The finance sector will already be a long way down the road to compliance given the sensitive nature of the client data that finance companies hold. However, the constant need to share client data with third parties means that these companies need to reassess their processes on a continual basis which is, in fact, another of the requirements of GDPR.

It may well be necessary for a company to employ a DPO (Data Protection Officer) in order to constantly monitor compliance and to act as a point of contact for individuals who desire more information on how their data is treated.

The automotive industry is another sector where personal data is propagated across many channels. Just one example of an area of particular concern is that of (OBD) Onboard Diagnostics. This is where increasingly large amounts of data are captured such as destinations and phone contacts. These are wirelessly captured and so GDPR compliance would mean a customer opt-in to this use of their data.

Other software is being introduced into cars as technology advances and therefore the capture and analysis of this data need to have governance and privacy structures built in from the beginning.

Vulnerabilities of the ‘value web’

The various entities that interact in these industries come together to form business relationship networks or ‘value webs’. These multiple parties all have a part to play in the production of a product or service. However, as the value web grows and more third-party stakeholders join, the vulnerability of the data increases.

Imagine the sheer volume of data transmitted across a value web between so many different interested parties.
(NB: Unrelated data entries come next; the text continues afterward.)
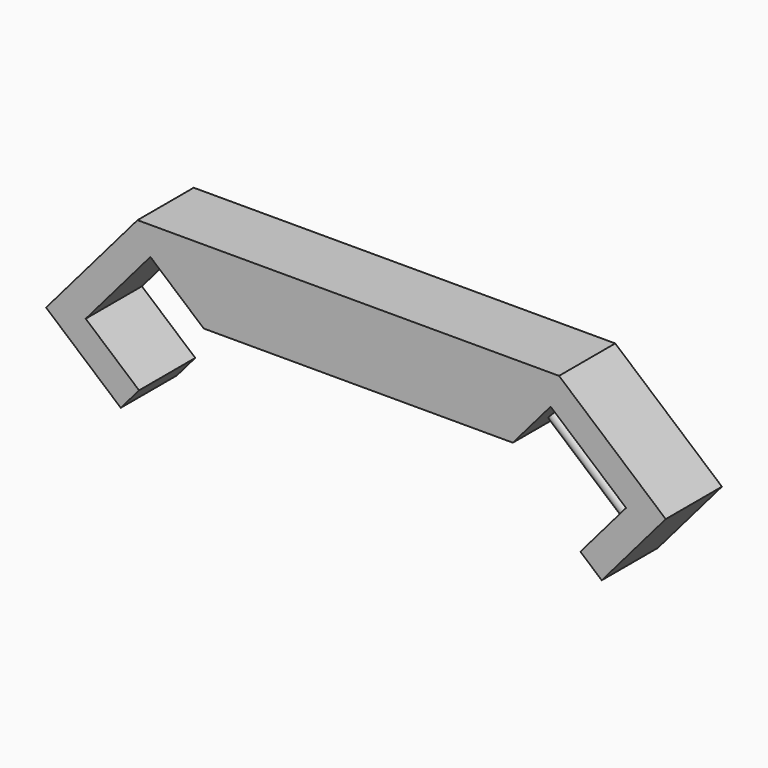
from build123d import *

# Parameters (mm, degrees)
F1_DEPTH = 63.5
F2_R     = 5.6131699843
F3_DEPTH = 107.696


# Not quite as in the source:
# - the program builds the solid bodies; features that only make, move or delete a surface that nothing else refers to are left out


with BuildPart() as f1:
    # F0 (on Front) → F1 (new body)
    with BuildSketch(Plane.XZ):
        Polygon((46.8248670694, 121.5258430131), (-35.8149119383, 25.0910623293), (31.6894345404, -32.7567829762), (48.2173903419, -13.4698268394), (0, 27.8500626645), (58.4593796701, 96.0680265203), (106.676770012, 54.7481370164), (386.0897425486, 54.7481370164), (420.2281583997, 94.5852552302), (488.444735815, 36.1270636701), (447.1248463111, -12.0903266718), (466.4118024479, -28.6182824733), (524.2596477533, 38.8860640054), (427.8248670694, 121.5258430131), align=None)
    extrude(amount=F1_DEPTH)

    # F2 (on face) → F3 (join)
    with BuildSketch(Plane(origin=(195.5607291239, 0, -167.5857540484), x_dir=(0, 1, 0), z_dir=(0.7593289818, 0, -0.6507069213))):
        with Locations((-31.75, 311.8531148615)):
            Circle(F2_R)
    extrude(amount=F3_DEPTH)


solid = f1.part
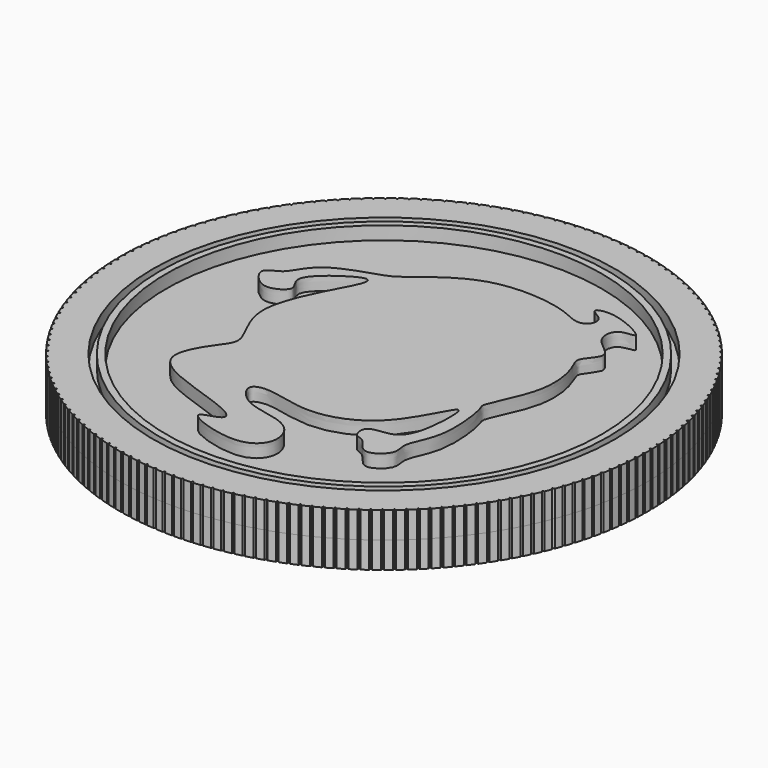
from build123d import *

# Parameters (mm, degrees)
F0_R     = 17.5
F0_R_2   = 17
F0_R_3   = 16.5
F2_DEPTH = 1
F3_DEPTH = 2
F4_DEPTH = 2


with BuildPart() as f2:
    # F0 (on Top) → F2 (new body)
    with BuildSketch(Plane.XY):
        with BuildLine():
            ThreePointArc((19.9982245618, -0.2664852267), (19.9995561355, -0.1332455705), (20, 0))
            ThreePointArc((20, 0), (19.9995561355, 0.1332455705), (19.9982245618, 0.2664852267))
            Line((19.9982245618, 0.2664852267), (19.8469084307, 0.3503223408))
            Line((19.8469084307, 0.3503223408), (19.9951715668, 0.4394473973))
            ThreePointArc((19.9951715668, 0.4394473973), (19.9875412452, 0.7058292781), (19.9763622593, 0.9720858433))
            Line((19.9763622593, 0.9720858433), (19.8221816542, 1.0505305643))
            Line((19.8221816542, 1.0505305643), (19.9672070779, 1.1448325245))
            ThreePointArc((19.9672070779, 1.1448325245), (19.950180503, 1.4107791808), (19.9296118969, 1.676475362))
            Line((19.9296118969, 1.676475362), (19.7727589077, 1.7494299575))
            Line((19.7727589077, 1.7494299575), (19.9143659353, 1.848791333))
            ThreePointArc((19.9143659353, 1.848791333), (19.8879643202, 2.1139714284), (19.8580317198, 2.3787762012))
            Line((19.8580317198, 2.3787762012), (19.6987017658, 2.4461497789))
            Line((19.6987017658, 2.4461497789), (19.8367139727, 2.5504467778))
            ThreePointArc((19.8367139727, 2.5504467778), (19.8009702103, 2.8145299308), (19.761710908, 3.0781133814))
            Line((19.761710908, 3.0781133814), (19.6001024945, 3.1398220023))
            Line((19.6001024945, 3.1398220023), (19.7343479345, 3.2489246834))
            ThreePointArc((19.7343479345, 3.2489246834), (19.6893065572, 3.5115818793), (19.6407694652, 3.7736156156))
            Line((19.6407694652, 3.7736156156), (19.4770839361, 3.8295823984))
            Line((19.4770839361, 3.8295823984), (19.6073953563, 3.9433548334))
            ThreePointArc((19.6073953563, 3.9433548334), (19.55311248, 4.2042588342), (19.4953580694, 4.4644163947))
            Line((19.4953580694, 4.4644163947), (19.3297993565, 4.5145716117))
            Line((19.3297993565, 4.5145716117), (19.456014405, 4.6328720544))
            ThreePointArc((19.456014405, 4.6328720544), (19.3925576594, 4.891697806), (19.3256578851, 5.1496550669))
            Line((19.3256578851, 5.1496550669), (19.1584322539, 5.193936231))
            Line((19.1584322539, 5.193936231), (19.2803936825, 5.3166172937))
            ThreePointArc((19.2803936825, 5.3166172937), (19.2078421269, 5.5730423315), (19.1318803376, 5.8284779101))
            Line((19.1318803376, 5.8284779101), (18.9631961305, 5.8668298525))
            Line((18.9631961305, 5.8668298525), (19.0807519904, 5.9937386899))
            ThreePointArc((19.0807519904, 5.9937386899), (18.9991960149, 6.2474435403), (18.9142668495, 6.5000391957))
            Line((18.9142668495, 6.5000391957), (18.744334226, 6.5324141345))
            Line((18.744334226, 6.5324141345), (18.8573380572, 6.663392634))
            ThreePointArc((18.8573380572, 6.663392634), (18.7668792705, 6.9140612123), (18.6730885402, 7.1635022418))
            Line((18.6730885402, 7.1635022418), (18.5021192152, 7.189859842))
            Line((18.5021192152, 7.189859842), (18.6104302291, 7.3247448207))
            ThreePointArc((18.6104302291, 7.3247448207), (18.5111813314, 7.5720648251), (18.4086458879, 7.8180404561))
            Line((18.4086458879, 7.8180404561), (18.2368528678, 7.8383478795))
            Line((18.2368528678, 7.8383478795), (18.3403361223, 7.9769712874))
            ThreePointArc((18.3403361223, 7.9769712874), (18.2324207655, 8.220634588), (18.1212683551, 8.4628383656))
            Line((18.1212683551, 8.4628383656), (17.9488656726, 8.4770703115))
            Line((17.9488656726, 8.4770703115), (18.0473922406, 8.6192594413))
            ThreePointArc((18.0473922406, 8.6192594413), (17.9309448737, 8.8589624638), (17.8113139785, 9.0970926323))
            Line((17.8113139785, 9.0970926323), (17.6385164259, 9.1052313695))
            Line((17.6385164259, 9.1052313695), (17.7319635554, 9.2508090711))
            ThreePointArc((17.7319635554, 9.2508090711), (17.6071292575, 9.4862531756), (17.4791689225, 9.7200130544))
            Line((17.4791689225, 9.7200130544), (17.3061917842, 9.7220484431))
            Line((17.3061917842, 9.7220484431), (17.3944430517, 9.8708333448))
            ThreePointArc((17.3944430517, 9.8708333448), (17.2613773506, 10.1017251972), (17.1252469987, 10.3308235506))
            Line((17.1252469987, 10.3308235506), (16.9523057825, 10.3267530549))
            Line((16.9523057825, 10.3267530549), (17.035251238, 10.4785597894))
            ThreePointArc((17.035251238, 10.4785597894), (16.8941199171, 10.704611727), (16.7499891496, 10.928763127))
            Line((16.7499891496, 10.928763127), (16.5772993188, 10.9185918184))
            Line((16.5772993188, 10.9185918184), (16.6548356225, 11.0732312532))
            ThreePointArc((16.6548356225, 11.0732312532), (16.5058145139, 11.2941616437), (16.3538628998, 11.5130868256))
            Line((16.3538628998, 11.5130868256), (16.1816396044, 11.4968273761))
            Line((16.1816396044, 11.4968273761), (16.2536701558, 11.6541068498))
            ThreePointArc((16.2536701558, 11.6541068498), (16.0969449211, 11.8696404413), (15.9373617733, 12.0830666516))
            Line((15.9373617733, 12.0830666516), (15.765819582, 12.0607393184))
            Line((15.765819582, 12.0607393184), (15.83225464, 12.2204628805))
            ThreePointArc((15.83225464, 12.2204628805), (15.6680205394, 12.4303311451), (15.5010046786, 12.6379924811))
            Line((15.5010046786, 12.6379924811), (15.3303573117, 12.6096250815))
            Line((15.3303573117, 12.6096250815), (15.3911141065, 12.7715937362))
            ThreePointArc((15.3911141065, 12.7715937362), (15.2195757552, 12.975535204), (15.0453352624, 13.1771729458))
            Line((15.0453352624, 13.1771729458), (14.8757953251, 13.1428008219))
            Line((14.8757953251, 13.1428008219), (14.9307981613, 13.3068127764))
            ThreePointArc((14.9307981613, 13.3068127764), (14.7521692748, 13.5045733619), (14.5709212318, 13.6999362938))
            Line((14.5709212318, 13.6999362938), (14.40269995, 13.6596022691))
            Line((14.40269995, 13.6596022691), (14.4518803009, 13.825453185))
            ThreePointArc((14.4518803009, 13.825453185), (14.2663834285, 14.016786503), (14.0783536479, 14.2056312272))
            Line((14.0783536479, 14.2056312272), (13.9116606043, 14.1593855528))
            Line((13.9116606043, 14.1593855528), (13.9549571972, 14.3268688004))
            ThreePointArc((13.9549571972, 14.3268688004), (13.7628234449, 14.5115364736), (13.5682461884, 14.6936277131))
            Line((13.5682461884, 14.6936277131), (13.4032890617, 14.6415280053))
            Line((13.4032890617, 14.6415280053), (13.4406479545, 14.8104349214))
            ThreePointArc((13.4406479545, 14.8104349214), (13.2421166971, 14.9882068767), (13.0412343837, 15.1633177685))
            Line((13.0412343837, 15.1633177685), (12.87821869, 15.1054289371))
            Line((12.87821869, 15.1054289371), (12.9095933382, 15.2755490848))
            ThreePointArc((12.9095933382, 15.2755490848), (12.7049119209, 15.4462038405), (12.497974825, 15.6141162182))
            Line((12.497974825, 15.6141162182), (12.3371036615, 15.5505103854))
            Line((12.3371036615, 15.5505103854), (12.3624549762, 15.7216318161))
            ThreePointArc((12.3624549762, 15.7216318161), (12.1518784065, 15.8849567577), (11.9391443459, 16.0454614234))
            Line((11.9391443459, 16.0454614234), (11.780618138, 15.9762178342))
            Line((11.780618138, 15.9762178342), (11.7999145347, 16.1481273519))
            ThreePointArc((11.7999145347, 16.1481273519), (11.5837051648, 16.3039189968), (11.3654391796, 16.4568159817))
            Line((11.3654391796, 16.4568159817), (11.2094554314, 16.382020905))
            Line((11.2094554314, 16.382020905), (11.222672869, 16.5545043319))
            ThreePointArc((11.222672869, 16.5545043319), (11.0011000689, 16.7025685831), (10.7775740914, 16.8476673965))
            Line((10.7775740914, 16.8476673965), (10.6243271391, 16.7674140177))
            Line((10.6243271391, 16.7674140177), (10.6314491505, 16.9402564609))
            ThreePointArc((10.6314491505, 16.9402564609), (10.4047889722, 17.0804088488), (10.176281488, 17.2175287157))
            Line((10.176281488, 17.2175287157), (10.0259622582, 17.1319170205))
            Line((10.0259622582, 17.1319170205), (10.0269799701, 17.3049031398))
            ThreePointArc((10.0269799701, 17.3049031398), (9.7955148041, 17.4369690521), (9.562310505, 17.5659391382))
            Line((9.562310505, 17.5659391382), (9.4151062768, 17.475075788))
            Line((9.4151062768, 17.475075788), (9.4100184214, 17.6479900643))
            ThreePointArc((9.4100184214, 17.6479900643), (9.1740366444, 17.7718049631), (8.9364260738, 17.8924645878))
            Line((8.9364260738, 17.8924645878), (8.7925202453, 17.7964627872))
            Line((8.7925202453, 17.7964627872), (8.7813331614, 17.9690897908))
            ThreePointArc((8.7813331614, 17.9690897908), (8.5411287773, 18.0844994183), (8.2994079686, 18.1966982546))
            Line((8.2994079686, 18.1966982546), (8.1589798285, 18.0956776098))
            Line((8.1589798285, 18.0956776098), (8.1417074538, 18.2678022689))
            ThreePointArc((8.1417074538, 18.2678022689), (7.8975797274, 18.3746628391), (7.6520498345, 18.4782611014))
            Line((7.6520498345, 18.4782611014), (7.5152743389, 18.3723474714))
            Line((7.5152743389, 18.3723474714), (7.4919381926, 18.5437553402))
            ThreePointArc((7.4919381926, 18.5437553402), (7.2441912766, 18.641933718), (6.9951581992, 18.7368023357))
            Line((6.9951581992, 18.7368023357), (6.8622057532, 18.6261276759))
            Line((6.8622057532, 18.6261276759), (6.8328349093, 18.7966052015))
            ThreePointArc((6.8328349093, 18.7966052015), (6.5817774655, 18.885979069), (6.3295514678, 18.9719998476))
            Line((6.3295514678, 18.9719998476), (6.2005877137, 18.8567020447))
            Line((6.2005877137, 18.8567020447), (6.1652187645, 19.0260368334))
            ThreePointArc((6.1652187645, 19.0260368334), (5.9111635793, 19.1064948418), (5.6560589035, 19.1835606101))
            Line((5.6560589035, 19.1835606101), (5.531244514, 19.0637833109))
            Line((5.531244514, 19.0637833109), (5.4899215249, 19.2317643925))
            ThreePointArc((5.4899215249, 19.2317643925), (5.2331851194, 19.3032063012), (4.9755195941, 19.3712210449))
            Line((4.9755195941, 19.3712210449), (4.8550100725, 19.247113477))
            Line((4.8550100725, 19.247113477), (4.8077845267, 19.4135315681))
            ThreePointArc((4.8077845267, 19.4135315681), (4.5486867624, 19.4758683693), (4.2887814069, 19.5347473504))
            Line((4.2887814069, 19.5347473504), (4.1727268929, 19.4064641364))
            Line((4.1727268929, 19.4064641364), (4.1196576277, 19.5711119007))
            ThreePointArc((4.1196576277, 19.5711119007), (3.8585213082, 19.6242659306), (3.5966999321, 19.6739357933))
            Line((3.5966999321, 19.6739357933), (3.4852450153, 19.5416367581))
            Line((3.4852450153, 19.5416367581), (3.4263981482, 19.704309065))
            ThreePointArc((3.4263981482, 19.704309065), (3.1635486169, 19.7482141002), (2.900137417, 19.7886129621))
            Line((2.900137417, 19.7886129621), (2.7934209563, 19.6524629337))
            Line((2.7934209563, 19.6524629337), (2.7288698034, 19.8129571139))
            ThreePointArc((2.7288698034, 19.8129571139), (2.4646345379, 19.8475584542), (2.1999616919, 19.8786359832))
            Line((2.1999616919, 19.8786359832), (2.0981166427, 19.7388045878))
            Line((2.0981166427, 19.7388045878), (2.0279416265, 19.8969206854))
            ThreePointArc((2.0279416265, 19.8969206854), (1.7626498313, 19.9221752219), (1.4970450884, 19.9438926994))
            Line((1.4970450884, 19.9438926994), (1.400198337, 19.8005541492))
            Line((1.400198337, 19.8005541492), (1.324486887, 19.9560951713))
            ThreePointArc((1.324486887, 19.9560951713), (1.0584690824, 19.97197144), (0.7922633532, 19.9843018086))
            Line((0.7922633532, 19.9843018086), (0.7005355585, 19.8376346859))
            Line((0.7005355585, 19.8376346859), (0.6193820017, 19.9904068477))
            ThreePointArc((0.6193820017, 19.9904068477), (0.3529696129, 19.9968850687), (0.0864945565, 19.9998129664))
            Line((0.0864945565, 19.9998129664), (0, 19.85))
            Line((0, 19.85), (-0.0864945565, 19.9998129664))
            ThreePointArc((-0.0864945565, 19.9998129664), (-0.3529696129, 19.9968850687), (-0.6193820017, 19.9904068477))
            Line((-0.6193820017, 19.9904068477), (-0.7005355585, 19.8376346859))
            Line((-0.7005355585, 19.8376346859), (-0.7922633532, 19.9843018086))
            ThreePointArc((-0.7922633532, 19.9843018086), (-1.0584690824, 19.97197144), (-1.324486887, 19.9560951713))
            Line((-1.324486887, 19.9560951713), (-1.400198337, 19.8005541492))
            Line((-1.400198337, 19.8005541492), (-1.4970450884, 19.9438926994))
            ThreePointArc((-1.4970450884, 19.9438926994), (-1.7626498313, 19.9221752219), (-2.0279416265, 19.8969206854))
            Line((-2.0279416265, 19.8969206854), (-2.0981166427, 19.7388045878))
            Line((-2.0981166427, 19.7388045878), (-2.1999616919, 19.8786359832))
            ThreePointArc((-2.1999616919, 19.8786359832), (-2.4646345379, 19.8475584542), (-2.7288698034, 19.8129571139))
            Line((-2.7288698034, 19.8129571139), (-2.7934209563, 19.6524629337))
            Line((-2.7934209563, 19.6524629337), (-2.900137417, 19.7886129621))
            ThreePointArc((-2.900137417, 19.7886129621), (-3.1635486169, 19.7482141002), (-3.4263981482, 19.704309065))
            Line((-3.4263981482, 19.704309065), (-3.4852450153, 19.5416367581))
            Line((-3.4852450153, 19.5416367581), (-3.5966999321, 19.6739357933))
            ThreePointArc((-3.5966999321, 19.6739357933), (-3.8585213082, 19.6242659306), (-4.1196576277, 19.5711119007))
            Line((-4.1196576277, 19.5711119007), (-4.1727268929, 19.4064641364))
            Line((-4.1727268929, 19.4064641364), (-4.2887814069, 19.5347473504))
            ThreePointArc((-4.2887814069, 19.5347473504), (-4.5486867624, 19.4758683693), (-4.8077845267, 19.4135315681))
            Line((-4.8077845267, 19.4135315681), (-4.8550100725, 19.247113477))
            Line((-4.8550100725, 19.247113477), (-4.9755195941, 19.3712210449))
            ThreePointArc((-4.9755195941, 19.3712210449), (-5.2331851194, 19.3032063012), (-5.4899215249, 19.2317643925))
            Line((-5.4899215249, 19.2317643925), (-5.531244514, 19.0637833109))
            Line((-5.531244514, 19.0637833109), (-5.6560589035, 19.1835606101))
            ThreePointArc((-5.6560589035, 19.1835606101), (-5.9111635793, 19.1064948418), (-6.1652187645, 19.0260368334))
            Line((-6.1652187645, 19.0260368334), (-6.2005877137, 18.8567020447))
            Line((-6.2005877137, 18.8567020447), (-6.3295514678, 18.9719998476))
            ThreePointArc((-6.3295514678, 18.9719998476), (-6.5817774655, 18.885979069), (-6.8328349093, 18.7966052015))
            Line((-6.8328349093, 18.7966052015), (-6.8622057532, 18.6261276759))
            Line((-6.8622057532, 18.6261276759), (-6.9951581992, 18.7368023357))
            ThreePointArc((-6.9951581992, 18.7368023357), (-7.2441912766, 18.641933718), (-7.4919381926, 18.5437553402))
            Line((-7.4919381926, 18.5437553402), (-7.5152743389, 18.3723474714))
            Line((-7.5152743389, 18.3723474714), (-7.6520498345, 18.4782611014))
            ThreePointArc((-7.6520498345, 18.4782611014), (-7.8975797274, 18.3746628391), (-8.1417074538, 18.2678022689))
            Line((-8.1417074538, 18.2678022689), (-8.1589798285, 18.0956776098))
            Line((-8.1589798285, 18.0956776098), (-8.2994079686, 18.1966982546))
            ThreePointArc((-8.2994079686, 18.1966982546), (-8.5411287773, 18.0844994183), (-8.7813331614, 17.9690897908))
            Line((-8.7813331614, 17.9690897908), (-8.7925202453, 17.7964627872))
            Line((-8.7925202453, 17.7964627872), (-8.9364260738, 17.8924645878))
            ThreePointArc((-8.9364260738, 17.8924645878), (-9.1740366444, 17.7718049631), (-9.4100184214, 17.6479900643))
            Line((-9.4100184214, 17.6479900643), (-9.4151062768, 17.475075788))
            Line((-9.4151062768, 17.475075788), (-9.562310505, 17.5659391382))
            ThreePointArc((-9.562310505, 17.5659391382), (-9.7955148041, 17.4369690521), (-10.0269799701, 17.3049031398))
            Line((-10.0269799701, 17.3049031398), (-10.0259622582, 17.1319170205))
            Line((-10.0259622582, 17.1319170205), (-10.176281488, 17.2175287157))
            ThreePointArc((-10.176281488, 17.2175287157), (-10.4047889722, 17.0804088488), (-10.6314491505, 16.9402564609))
            Line((-10.6314491505, 16.9402564609), (-10.6243271391, 16.7674140177))
            Line((-10.6243271391, 16.7674140177), (-10.7775740914, 16.8476673965))
            ThreePointArc((-10.7775740914, 16.8476673965), (-11.0011000689, 16.7025685831), (-11.222672869, 16.5545043319))
            Line((-11.222672869, 16.5545043319), (-11.2094554314, 16.382020905))
            Line((-11.2094554314, 16.382020905), (-11.3654391796, 16.4568159817))
            ThreePointArc((-11.3654391796, 16.4568159817), (-11.5837051648, 16.3039189968), (-11.7999145347, 16.1481273519))
            Line((-11.7999145347, 16.1481273519), (-11.780618138, 15.9762178342))
            Line((-11.780618138, 15.9762178342), (-11.9391443459, 16.0454614234))
            ThreePointArc((-11.9391443459, 16.0454614234), (-12.1518784065, 15.8849567577), (-12.3624549762, 15.7216318161))
            Line((-12.3624549762, 15.7216318161), (-12.3371036615, 15.5505103854))
            Line((-12.3371036615, 15.5505103854), (-12.497974825, 15.6141162182))
            ThreePointArc((-12.497974825, 15.6141162182), (-12.7049119209, 15.4462038405), (-12.9095933382, 15.2755490848))
            Line((-12.9095933382, 15.2755490848), (-12.87821869, 15.1054289371))
            Line((-12.87821869, 15.1054289371), (-13.0412343837, 15.1633177685))
            ThreePointArc((-13.0412343837, 15.1633177685), (-13.2421166971, 14.9882068767), (-13.4406479545, 14.8104349214))
            Line((-13.4406479545, 14.8104349214), (-13.4032890617, 14.6415280053))
            Line((-13.4032890617, 14.6415280053), (-13.5682461884, 14.6936277131))
            ThreePointArc((-13.5682461884, 14.6936277131), (-13.7628234449, 14.5115364736), (-13.9549571972, 14.3268688004))
            Line((-13.9549571972, 14.3268688004), (-13.9116606043, 14.1593855528))
            Line((-13.9116606043, 14.1593855528), (-14.0783536479, 14.2056312272))
            ThreePointArc((-14.0783536479, 14.2056312272), (-14.2663834285, 14.016786503), (-14.4518803009, 13.825453185))
            Line((-14.4518803009, 13.825453185), (-14.40269995, 13.6596022691))
            Line((-14.40269995, 13.6596022691), (-14.5709212318, 13.6999362938))
            ThreePointArc((-14.5709212318, 13.6999362938), (-14.7521692748, 13.5045733619), (-14.9307981613, 13.3068127764))
            Line((-14.9307981613, 13.3068127764), (-14.8757953251, 13.1428008219))
            Line((-14.8757953251, 13.1428008219), (-15.0453352624, 13.1771729458))
            ThreePointArc((-15.0453352624, 13.1771729458), (-15.2195757552, 12.975535204), (-15.3911141065, 12.7715937362))
            Line((-15.3911141065, 12.7715937362), (-15.3303573117, 12.6096250815))
            Line((-15.3303573117, 12.6096250815), (-15.5010046786, 12.6379924811))
            ThreePointArc((-15.5010046786, 12.6379924811), (-15.6680205394, 12.4303311451), (-15.83225464, 12.2204628805))
            Line((-15.83225464, 12.2204628805), (-15.765819582, 12.0607393184))
            Line((-15.765819582, 12.0607393184), (-15.9373617733, 12.0830666516))
            ThreePointArc((-15.9373617733, 12.0830666516), (-16.0969449211, 11.8696404413), (-16.2536701558, 11.6541068498))
            Line((-16.2536701558, 11.6541068498), (-16.1816396044, 11.4968273761))
            Line((-16.1816396044, 11.4968273761), (-16.3538628998, 11.5130868256))
            ThreePointArc((-16.3538628998, 11.5130868256), (-16.5058145139, 11.2941616437), (-16.6548356225, 11.0732312532))
            Line((-16.6548356225, 11.0732312532), (-16.5772993188, 10.9185918184))
            Line((-16.5772993188, 10.9185918184), (-16.7499891496, 10.928763127))
            ThreePointArc((-16.7499891496, 10.928763127), (-16.8941199171, 10.704611727), (-17.035251238, 10.4785597894))
            Line((-17.035251238, 10.4785597894), (-16.9523057825, 10.3267530549))
            Line((-16.9523057825, 10.3267530549), (-17.1252469987, 10.3308235506))
            ThreePointArc((-17.1252469987, 10.3308235506), (-17.2613773506, 10.1017251972), (-17.3944430517, 9.8708333448))
            Line((-17.3944430517, 9.8708333448), (-17.3061917842, 9.7220484431))
            Line((-17.3061917842, 9.7220484431), (-17.4791689225, 9.7200130544))
            ThreePointArc((-17.4791689225, 9.7200130544), (-17.6071292575, 9.4862531756), (-17.7319635554, 9.2508090711))
            Line((-17.7319635554, 9.2508090711), (-17.6385164259, 9.1052313695))
            Line((-17.6385164259, 9.1052313695), (-17.8113139785, 9.0970926323))
            ThreePointArc((-17.8113139785, 9.0970926323), (-17.9309448737, 8.8589624638), (-18.0473922406, 8.6192594413))
            Line((-18.0473922406, 8.6192594413), (-17.9488656726, 8.4770703115))
            Line((-17.9488656726, 8.4770703115), (-18.1212683551, 8.4628383656))
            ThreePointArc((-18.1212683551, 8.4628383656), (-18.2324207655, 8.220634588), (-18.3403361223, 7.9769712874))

Once a business’s data leaves the comparative safety of their firewall it can then follow a myriad of paths and chances are that the business could well lose track of exactly who has access to what.

Loyakk provides answers

Loyakk is a large scale data solutions company which has existing clients among blue chip enterprises. In answer to their client’s need for vastly superior data security and privacy plus an enhanced enterprise relationship model, the Loyakk Vega Enterprise Relationship Management platform is being developed for blockchain.

The nucleus of the Loyakk Vega platform is the LYKK token. This token wraps all data that comprises any interaction between customers, channels, partners, distributors and vendors.

Within the token’s smart contract resides built-in business rules, relationship structures and legal agreements. This enables a business to share sales data, deals data and streamline processes that exchange value data.

Blockchain adds immutability and transparency to the equation giving an enterprise the power to audit its data in a thorough and timely manner. No matter where the data travels it can be tracked and audited.

Permissioning can also be built-in to the token and this allows the enterprise to securely protect each data interaction by setting exactly who is allowed to see it and also to interact with it.

Conclusion

Loyakk is looking to disrupt business use of data across the board. In just the 3 industries mentioned above, Loyakk can transform processes and maximise value webs. The Loyakk Vega platform would enable the health industry to keep patient data private as online services continue to grow. In the finance industry, streamlined processes and transactions will help to cut bloated overheads. While in the automobile industry the development time of new projects can be cut drastically.

In fact, with the Loyakk Vega platform, coping with GDPR compliance can be looked at as opening possibilities and advantages rather than just being forced to comply with overbearing regulations. The enterprise that uses this platform can have real-time and accurate data that is only stored as long as it is required, is totally accessible and completely secure.

It can not be argued that General Data Protection Regulations were absolutely essential in order to protect the rights of the individual. A platform like Loyakk Vega that addresses these regulations while at the same time providing such an effective business relationship model deserves its place in the vanguard of the enterprise blockchain revolution.